For Conoil, the transaction represents something more profound than asset shuffling. It is the validation of an indigenous oil company’s ability to operate, produce, and partner at scale. That validation was already underway in 2024, when Conoil achieved a landmark breakthrough: the successful production and export of Obodo crude, a new Nigerian crude blend from its onshore acreage.

In a country where new crude streams have become rare, Obodo’s emergence signalled operational maturity. More importantly, it shifted Conoil from being perceived primarily as a downstream and marginal upstream player into a full-spectrum producer with export-grade assets.

The commercial impact was immediate. Obodo crude enhanced Conoil’s revenue profile, strengthened cash flows, and materially improved the company’s asset valuation.

For Mike Adenuga, Obodo represented something else entirely: oil income with scale and durability. Producing crude shifts wealth from theoretical to realised. It is the difference between potential and proof.
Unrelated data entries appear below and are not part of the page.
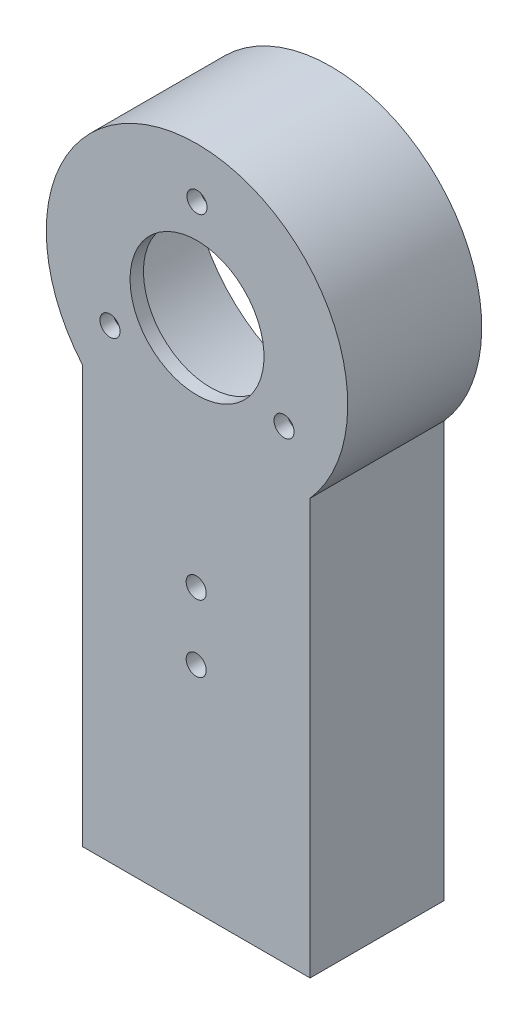
SolidWorks part; units mm, degrees
ref_plane "Front Plane" through (0, 0, 0) normal (0, 0, 1) x (1, 0, 0)
ref_plane "Top Plane" through (0, 0, 0) normal (0, 1, 0) x (1, 0, 0)
ref_plane "Right Plane" through (0, 0, 0) normal (1, 0, 0) x (0, 0, -1)
sketch "Sketch1" plane through (0, 0, 0) normal (0, 0, 1) x (1, 0, 0)
  line L1 (-17.1236, -14.5956) -> (-17.1236, -76.9)
  line L2 (16.8764, -14.8808) -> (16.8764, -76.9)
  line L3 (-17.1236, -76.9) -> (16.8764, -76.9)
  circle A0 centre (0, 0) radius 22.5
  arc A1 (-17.1236, -14.5956) -> (16.8764, -14.8808) centre (0, 0) ccw
  circle A2 centre (-0.1236, -44.9) radius 1.5
  circle A3 centre (-0.1236, -34.9) radius 1.5
  dimension "D1" = 45
  dimension "D4" = 3
  dimension "D5" = 3
  dimension "D6" = 32
  dimension "D7" = 42
  dimension "D2" = 76.9
  dimension "D3" = 34
extrude "Boss-Extrude1" add sketch "Sketch1" along normal blind 20 contours A0 L1 L3 L2 | A0 L1 region at (-0.1354, -48.5303, 0) region at (0, 0, 0)
sketch "Sketch2" plane through (0, 0, 0) normal (0, 0, -1) x (-1, 0, 0)
  circle A0 centre (0, 0) radius 10
  dimension "D1" = 20
extrude "Cut-Extrude1" cut sketch "Sketch2" against normal blind 20
sketch "Sketch3" plane through (0, 0, 0) normal (0, 0, -1) x (-1, 0, 0)
  circle A0 centre (0, 15) radius 1.5
  circle A1 centre (12.9904, -7.5) radius 1.5
  circle A2 centre (-12.9904, -7.5) radius 1.5
  point P10 (0, 0)
  dimension "D1" = 3
  dimension "D2" = 15
  dimension "D3" = 3
extrude "Cut-Extrude2" cut sketch "Sketch3" against normal blind 20
sketch "Sketch4" plane through (0, 0, 0) normal (0, 0, -1) x (-1, 0, 0)
  circle A0 centre (0, 0) radius 21
  dimension "D1" = 42
extrude "Cut-Extrude3" cut sketch "Sketch4" against normal blind 18

That momentum was reinforced by Conoil’s acquisition of a new drilling rig, a move that underscored its intent to control not just resources, but execution. In an industry where rig availability often dictates production timelines, owning modern drilling capacity gives Conoil a strategic advantage lowering costs, reducing dependency, and accelerating development cycles. It also enhances the company’s bargaining power in partnerships such as the one with TotalEnergies.

Taken together, the Obodo crude success, the rig acquisition, and the TotalEnergies transaction, these moves materially expand Conoil’s enterprise value. While private company valuations remain opaque, upstream assets with proven production, infrastructure control, and international partnerships typically command significant multiple expansion. For Adenuga, all of these represents a stabilising and appreciating pillar of wealth.

As The Boss Newspapers honours Mike Adenuga as Boss of the Year 2025, the recognition lands at a moment when his oil ambitions are no longer peripheral to his legacy. They are central. In Obodo crude, in steel rigs, and in carefully negotiated partnerships, Adenuga is shaping a version of Nigerian capitalism that privileges patience, scale, and execution over spectacle.

In the end, the most powerful statement of wealth is not net worth rankings or headlines. It is the ability to convert strategy into assets, assets into production, and production into national relevance. On that score, the Conoil–TotalEnergies deal may well stand as one of the most consequential chapters in Mike Adenuga’s business story and in Nigeria’s evolving oil future.